YOUR INSTRUCTIONS. Drop all images and give the records again exactly.

Records excerpted from a collection.
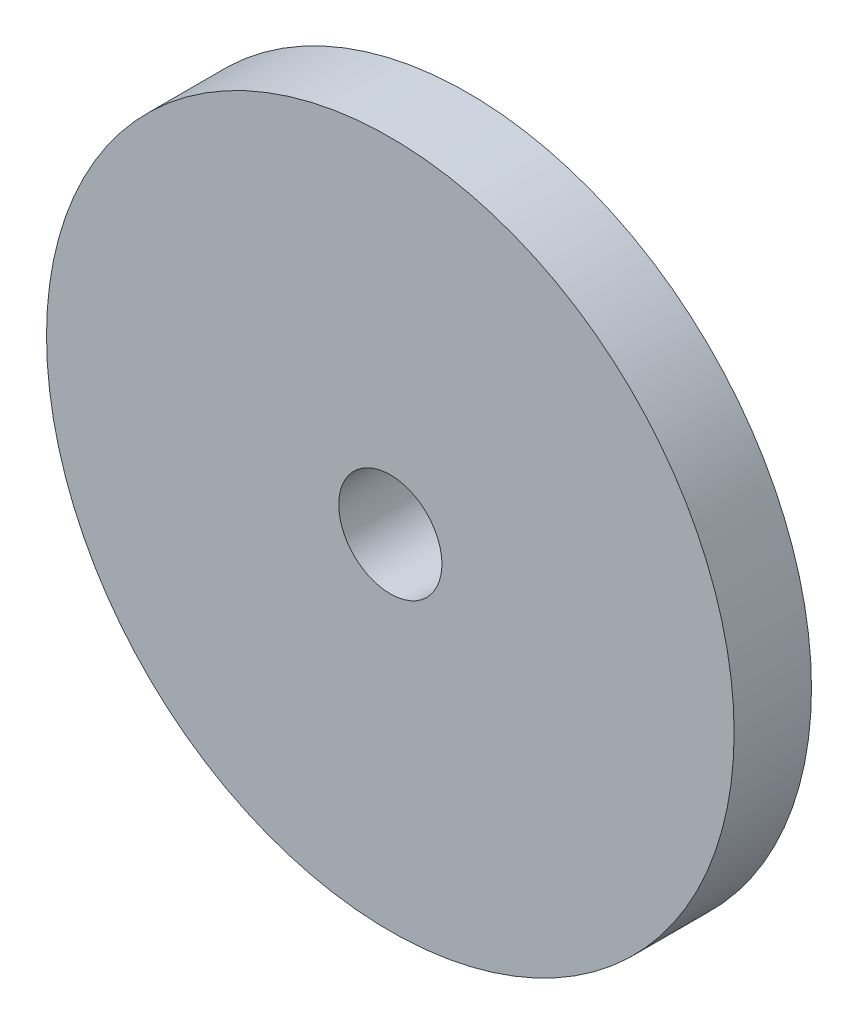
SolidWorks part; units mm, degrees
ref_plane "Front Plane" through (0, 0, 0) normal (0, 0, 1) x (1, 0, 0)
ref_plane "Top Plane" through (0, 0, 0) normal (0, 1, 0) x (1, 0, 0)
ref_plane "Right Plane" through (0, 0, 0) normal (1, 0, 0) x (0, 0, -1)
sketch "Sketch1" plane through (0, 0, 0) normal (0, 0, 1) x (1, 0, 0)
  circle A0 centre (0, 0) radius 100
  circle A1 centre (0, 0) radius 15
  dimension "D1" = 200
  dimension "D2" = 30
extrude "Boss-Extrude1" add sketch "Sketch1" along normal blind 22.5
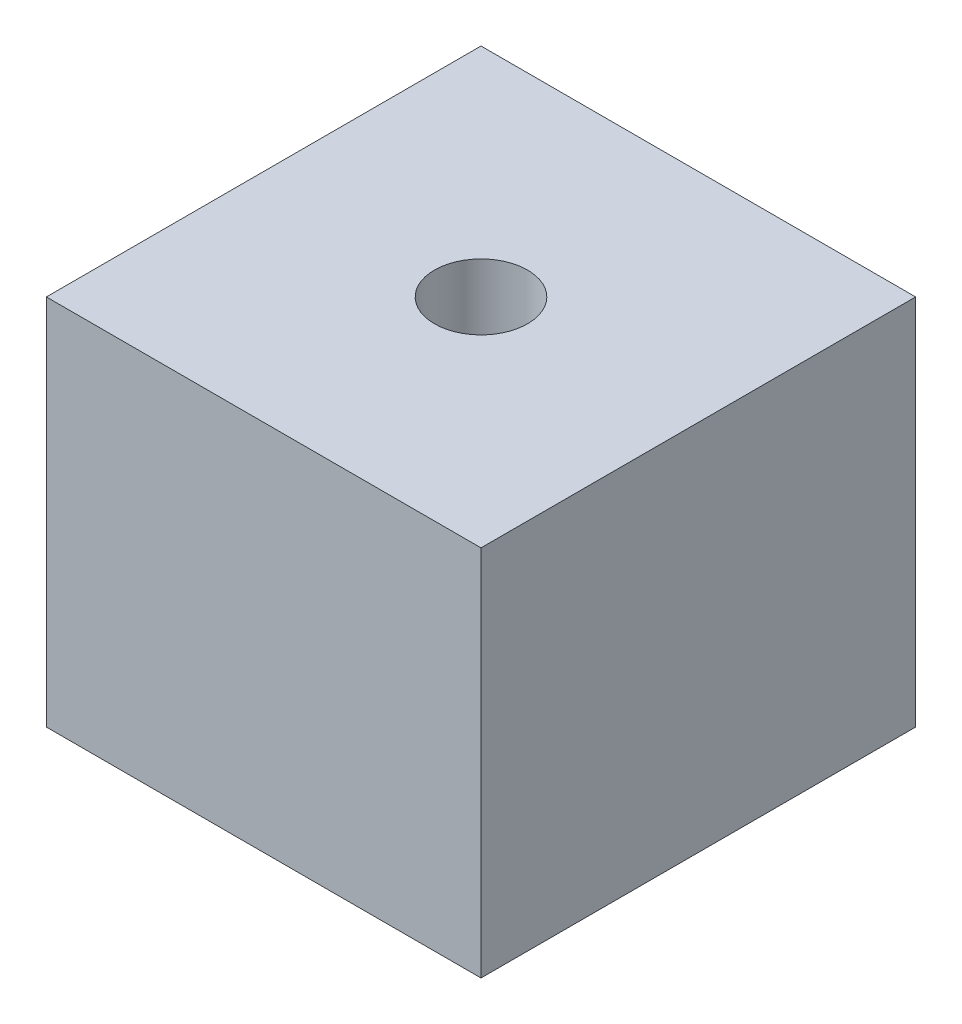
SolidWorks part; units mm, degrees
ref_plane "Front Plane" through (0, 0, 0) normal (0, 0, 1) x (1, 0, 0)
ref_plane "Top Plane" through (0, 0, 0) normal (0, 1, 0) x (1, 0, 0)
ref_plane "Right Plane" through (0, 0, 0) normal (1, 0, 0) x (0, 0, -1)
sketch "Sketch1" plane through (0, 0, 0) normal (0, 1, 0) x (1, 0, 0)
  line L1 (0, 0) -> (88.9, 0)
  line L2 (0, 0) -> (0, -88.9)
  line L3 (0, -88.9) -> (88.9, -88.9)
  line L4 (88.9, 0) -> (88.9, -88.9)
  dimension "D1" = 88.9
  dimension "D2" = 88.9
extrude "Boss-Extrude1" add sketch "Sketch1" along normal blind 76.2 contours L1 L4 L3 L2
sketch "Sketch2" plane through (0, 76.2, 0) normal (0, 1, 0) x (1, 0, 0)
  line L0 (44.45, 0) -> (44.45, -88.9) construction
  line L1 (0, 0) -> (88.9, 0) construction
  line L2 (0, -88.9) -> (88.9, -88.9) construction
  circle A0 centre (44.45, -44.45) radius 9.525
  dimension "D1" = 19.05
extrude "Cut-Extrude1" cut sketch "Sketch2" against normal blind 38.1 contours A0
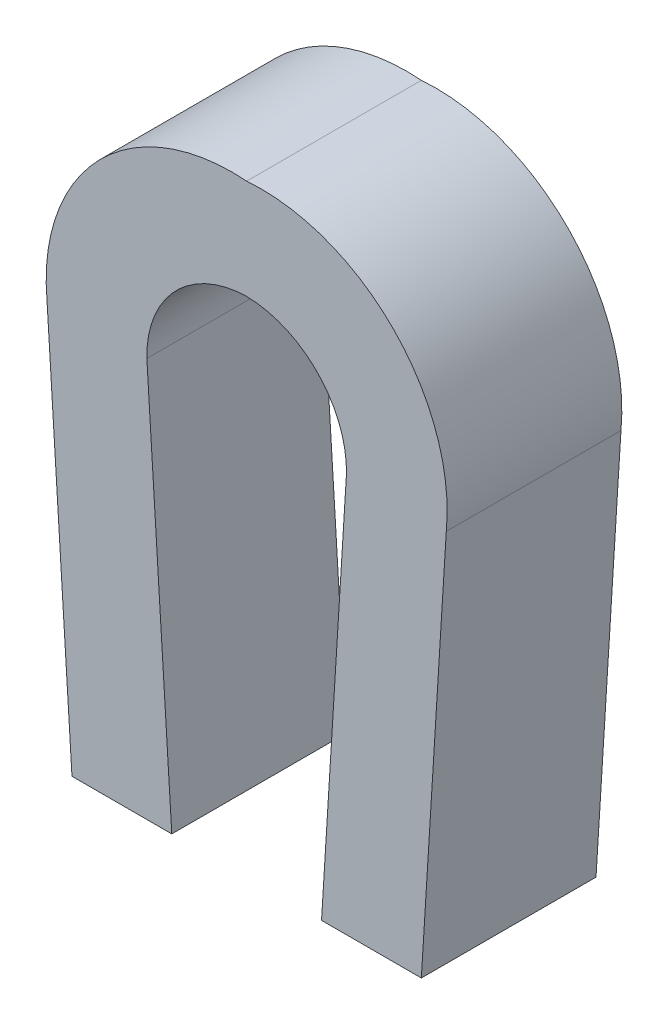
SolidWorks part; units mm, degrees
ref_plane "Front Plane" through (0, 0, 0) normal (0, 0, 1) x (1, 0, 0)
ref_plane "Top Plane" through (0, 0, 0) normal (0, 1, 0) x (1, 0, 0)
ref_plane "Right Plane" through (0, 0, 0) normal (1, 0, 0) x (0, 0, -1)
sketch "Sketch1" plane through (0, 0, 0) normal (0, 0, 1) x (1, 0, 0)
  line L0 (-2, 4) -> (-1.5, -4)
  line L5 (-1.5, -4) -> (-3.5, -4)
  line L6 (-3.5, -4) -> (-4, 4)
  line L10 (0, 7.8443) -> (0, -6.8113) construction
  line L11 (3.5, -4) -> (4, 4)
  line L12 (1.5, -4) -> (3.5, -4)
  line L13 (2, 4) -> (1.5, -4)
  arc A4 (-2, 4) -> (0, 6.0772) centre (0.036, 4.0411) cw
  arc A5 (-4, 4) -> (0, 8.0772) centre (-0.2889, 4.3599) cw
  arc A6 (4, 4) -> (0, 8.0772) centre (0.2889, 4.3599) ccw
  arc A7 (2, 4) -> (0, 6.0772) centre (-0.036, 4.0411) ccw
  point P6 (0, 6.0772)
  dimension "D1" = 8
  dimension "D2" = 2
  dimension "D3" = 2
  dimension "D4" = 2
  dimension "D6" = 1.5
extrude "Boss-Extrude1" add sketch "Sketch1" along normal blind 3.5

EXPECTED OUTPUT.
SolidWorks part; units mm, degrees
ref_plane "Front Plane" through (0, 0, 0) normal (0, 0, 1) x (1, 0, 0)
ref_plane "Top Plane" through (0, 0, 0) normal (0, 1, 0) x (1, 0, 0)
ref_plane "Right Plane" through (0, 0, 0) normal (1, 0, 0) x (0, 0, -1)
sketch "Sketch1" plane through (0, 0, 0) normal (0, 0, 1) x (1, 0, 0)
  circle A0 centre (0, 0) radius 100
  circle A1 centre (0, 0) radius 15
  dimension "D1" = 200
  dimension "D2" = 30
extrude "Boss-Extrude1" add sketch "Sketch1" along normal blind 22.5
SolidWorks part; units mm, degrees
ref_plane "Front Plane" through (0, 0, 0) normal (0, 0, 1) x (1, 0, 0)
ref_plane "Top Plane" through (0, 0, 0) normal (0, 1, 0) x (1, 0, 0)
ref_plane "Right Plane" through (0, 0, 0) normal (1, 0, 0) x (0, 0, -1)
sketch "Sketch1" plane through (0, 0, 0) normal (0, 1, 0) x (1, 0, 0)
  line L1 (0, 0) -> (88.9, 0)
  line L2 (0, 0) -> (0, -88.9)
  line L3 (0, -88.9) -> (88.9, -88.9)
  line L4 (88.9, 0) -> (88.9, -88.9)
  dimension "D1" = 88.9
  dimension "D2" = 88.9
extrude "Boss-Extrude1" add sketch "Sketch1" along normal blind 76.2 contours L1 L4 L3 L2
sketch "Sketch2" plane through (0, 76.2, 0) normal (0, 1, 0) x (1, 0, 0)
  line L0 (44.45, 0) -> (44.45, -88.9) construction
  line L1 (0, 0) -> (88.9, 0) construction
  line L2 (0, -88.9) -> (88.9, -88.9) construction
  circle A0 centre (44.45, -44.45) radius 9.525
  dimension "D1" = 19.05
extrude "Cut-Extrude1" cut sketch "Sketch2" against normal blind 38.1 contours A0
SolidWorks part; units mm, degrees
ref_plane "Front Plane" through (0, 0, 0) normal (0, 0, 1) x (1, 0, 0)
ref_plane "Top Plane" through (0, 0, 0) normal (0, 1, 0) x (1, 0, 0)
ref_plane "Right Plane" through (0, 0, 0) normal (1, 0, 0) x (0, 0, -1)
sketch "Sketch1" plane through (0, 0, 0) normal (0, 0, 1) x (1, 0, 0)
  line L0 (-2, 4) -> (-1.5, -4)
  line L5 (-1.5, -4) -> (-3.5, -4)
  line L6 (-3.5, -4) -> (-4, 4)
  line L10 (0, 7.8443) -> (0, -6.8113) construction
  line L11 (3.5, -4) -> (4, 4)
  line L12 (1.5, -4) -> (3.5, -4)
  line L13 (2, 4) -> (1.5, -4)
  arc A4 (-2, 4) -> (0, 6.0772) centre (0.036, 4.0411) cw
  arc A5 (-4, 4) -> (0, 8.0772) centre (-0.2889, 4.3599) cw
  arc A6 (4, 4) -> (0, 8.0772) centre (0.2889, 4.3599) ccw
  arc A7 (2, 4) -> (0, 6.0772) centre (-0.036, 4.0411) ccw
  point P6 (0, 6.0772)
  dimension "D1" = 8
  dimension "D2" = 2
  dimension "D3" = 2
  dimension "D4" = 2
  dimension "D6" = 1.5
extrude "Boss-Extrude1" add sketch "Sketch1" along normal blind 3.5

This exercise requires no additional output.